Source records

┄┄┄┄┄┄┄┄┄┄

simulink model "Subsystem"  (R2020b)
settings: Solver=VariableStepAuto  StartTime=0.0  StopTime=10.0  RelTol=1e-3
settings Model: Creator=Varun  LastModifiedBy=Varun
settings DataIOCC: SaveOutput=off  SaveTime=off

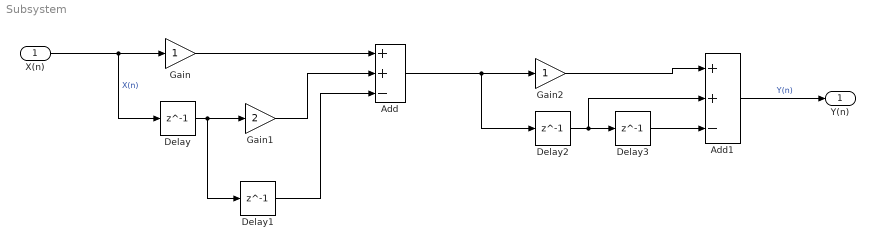
== system Subsystem ==
  X(n) : Inport  OutDataTypeStr=double  PortDimensions=1  SampleTime=[0,1]
  Add : Sum  Inputs=++-
  Add1 : Sum  Inputs=++-
  Delay{,1..3} (4 alike) : Delay  DelayLength=1
  Gain : Gain
  Gain1 : Gain  Gain=2
  Gain2 : Gain
  Y(n) : Outport  OutDataTypeStr=double  PortDimensions=1  SampleTime=[0,1]
  wires:
  Delay3/1 -> Add1/3
  Gain/1 -> Add/1
  Delay1/1 -> Add/3
  X(n)/1 -> Gain/1, Delay/1  "X(n)"
  Gain1/1 -> Add/2
  Add1/1 -> Y(n)/1  "Y(n)"
  Gain2/1 -> Add1/1
  Delay2/1 -> Add1/2, Delay3/1
  Add/1 -> Gain2/1, Delay2/1
  Delay/1 -> Gain1/1, Delay1/1

┄┄┄┄┄┄┄┄┄┄

• [Task details] Show the lines of the records that contain the word "Subsystem".

• [Task response]
simulink model "Subsystem"  (R2020b)
== system Subsystem ==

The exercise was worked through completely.